I plan on modifying the chart paths and nodes. I am not fully sure exactly how I will go about doing that right now, but I don’t see a way forward using the existing delimited path strategy. Some high-level ideas I have are to somehow prune or hide nodes/branches, and possibly be able to emphasize more newly added nodes/branches.

I see the existing delimited path strategy as being fairly static with my current understanding, and that is why I am trying to find a new way forward. With the stratified strategy, I have already been able to add additional data into each node (pango, partial_alias_pango, unaliased_pango, designated_date), and my current idea is that by adding more data, I can do some of the more dynamic aspects.

The full dataset as a tree (over 700 nodes) cannot be downloaded and rendered correctly on social media websites like Twitter. Even when breaking my dataset into sub-branches (BA.1, BA.2, BA.3, BA.4, BA.5, and Recombinants), some of the trees (BA.2 and BA.5) are still rendered incorrectly. Without the content being able to be rendered correctly on 3rd-party websites, my current approach is kind of pointless. The issue is that all uploaded pictures are scaled down, which makes the 200-300 node’s text very difficult to read.

I wouldn’t mind if my assumptions were wrong and I can still do everything with the delimited path strategy. However, for future use, I would like to know how to overcome my new issue as stated above. Future projects might be better suited for stratifying verses path delimited.

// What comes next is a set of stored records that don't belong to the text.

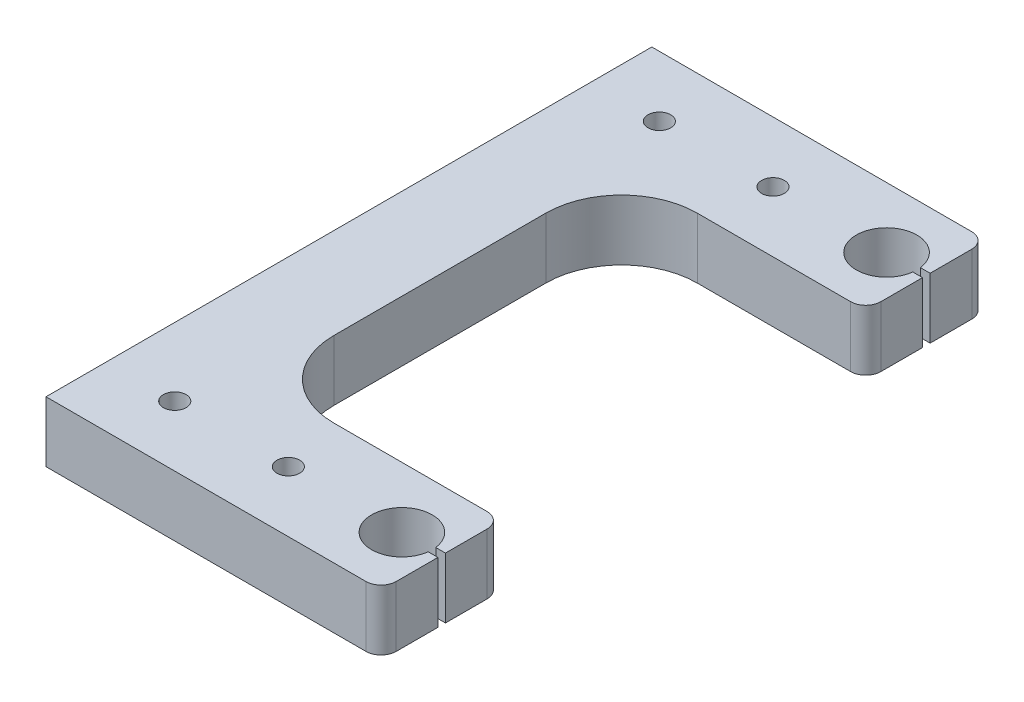
SolidWorks part; units mm, degrees
ref_plane "Front Plane" through (0, 0, 0) normal (0, 0, 1) x (1, 0, 0)
ref_plane "Top Plane" through (0, 0, 0) normal (0, 1, 0) x (1, 0, 0)
ref_plane "Right Plane" through (0, 0, 0) normal (1, 0, 0) x (0, 0, -1)
sketch "Sketch1" plane through (0, 0, 0) normal (0, 1, 0) x (1, 0, 0)
  line L0 (0, 0) -> (0, -80)
  line L1 (0, -80) -> (44.25, -80)
  line L2 (44.25, -80) -> (44.25, -64)
  line L3 (44.25, -64) -> (12, -64)
  line L4 (12, -64) -> (12, -16)
  line L5 (12, -16) -> (44.25, -16)
  line L6 (44.25, -16) -> (44.25, 0)
  line L7 (44.25, 0) -> (0, 0)
  line L8 (0, -40) -> (12, -40) construction
  circle A0 centre (39, -8) radius 4
  circle A1 centre (39, -72) radius 4
  circle A2 centre (24, -8) radius 1.5
  circle A3 centre (9, -8) radius 1.5
  circle A4 centre (24, -72) radius 1.5
  circle A5 centre (9, -72) radius 1.5
  point P15 (22.125, 0)
  dimension "D1" = 8
  dimension "D8" = 3
  dimension "D2" = 32
  dimension "D3" = 39
  dimension "D4" = 16
  dimension "D5" = 5.25
  dimension "D6" = 12
  dimension "D7" = 8
  dimension "D9" = 15
  dimension "D10" = 30
extrude "Boss-Extrude1" add sketch "Sketch1" along normal blind 8
sketch "Sketch4" plane through (0, 8, 0) normal (0, 1, 0) x (1, 0, 0)
  line L0 (39, -8) -> (44.25, -8) construction
  line L1 (44.25, -16) -> (44.25, 0) construction
  line L2 (39, -7.5) -> (44.25, -7.5)
  line L3 (39, -8.5) -> (44.25, -8.5)
  line L4 (39, -72) -> (44.25, -72) construction
  line L5 (44.25, -80) -> (44.25, -64) construction
  line L6 (39, -71.5) -> (44.25, -71.5)
  line L7 (39, -72.5) -> (44.25, -72.5)
  arc A0 (39, -7.5) -> (39, -8.5) centre (39, -8) ccw
  arc A1 (44.25, -8.5) -> (44.25, -7.5) centre (44.25, -8) ccw
  arc A2 (39, -71.5) -> (39, -72.5) centre (39, -72) ccw
  arc A3 (44.25, -72.5) -> (44.25, -71.5) centre (44.25, -72) ccw
  point P5 (41.625, -8)
  point P10 (41.625, -72)
  dimension "D1" = 1
extrude "Cut-Extrude2" cut sketch "Sketch4" against normal through all
fillet "Fillet1" radius 2 4 edges at (44.25, 4, 64) (44.25, 4, 80) (44.25, 4, 0) (44.25, 4, 16)
fillet "Fillet2" radius 10 2 edges at (12, 4, 16) (12, 4, 64)

While this does appear to create the same hierarchy, this data isn’t delimited at all. The dots are a part of the name that needs to be displayed.

In my previous implementation, I had created a delimited format that could be easily read into Plot.tree(...). Here is the delimited content I had created before (notice the pipe is the delimiter):

BA
BA|BA.1
BA|BA.1|BA.1.1
BA|BA.1|BA.1.1|BA.1.1.1
BA|BA.1|BA.1.1|BA.1.1.1|BC.1
BA|BA.1|BA.1.1|BA.1.1.1|BC.2
BA|BA.1|BA.1.1|BA.1.1.2

And here is the implementation that I created (but for the BA.4 sublineages since it fits nicely in a small screenshot):

TreePlot = function (data, column, { width = 300, height = 1000 } = {}) {
  return Plot.plot({
    axis: null,
    inset: 10,
    insetRight: 50,
    width: width,
    height: height,
    marks: [
      Plot.tree(aq.from(data).select(column), {
        path: column,
        delimiter: "|",
        treeAnchor: "left"
      })
    ]
  });
}

With the original csv data (csv_data), I set the delimiter to be , and the path to be partial_alias_pango, and that brings up a no root error. I don’t believe this is what you meant, though. I believe you meant the actual parsed csv (csv). However, csv doesn’t have any kind of delimited mark.

With the parsed csv (csv), I have to programmatically set the parent, because this data is not explicitly set in the csv data. Basically, the parent of BA.x.y.z is BA.x.y (can only determine parent via unaliased_pango or partial_alias_pango data)

Regardless of what I plan on doing, I just want to know how to get rid of [object Object]. The stratified data appears to match what it should based on my dataset.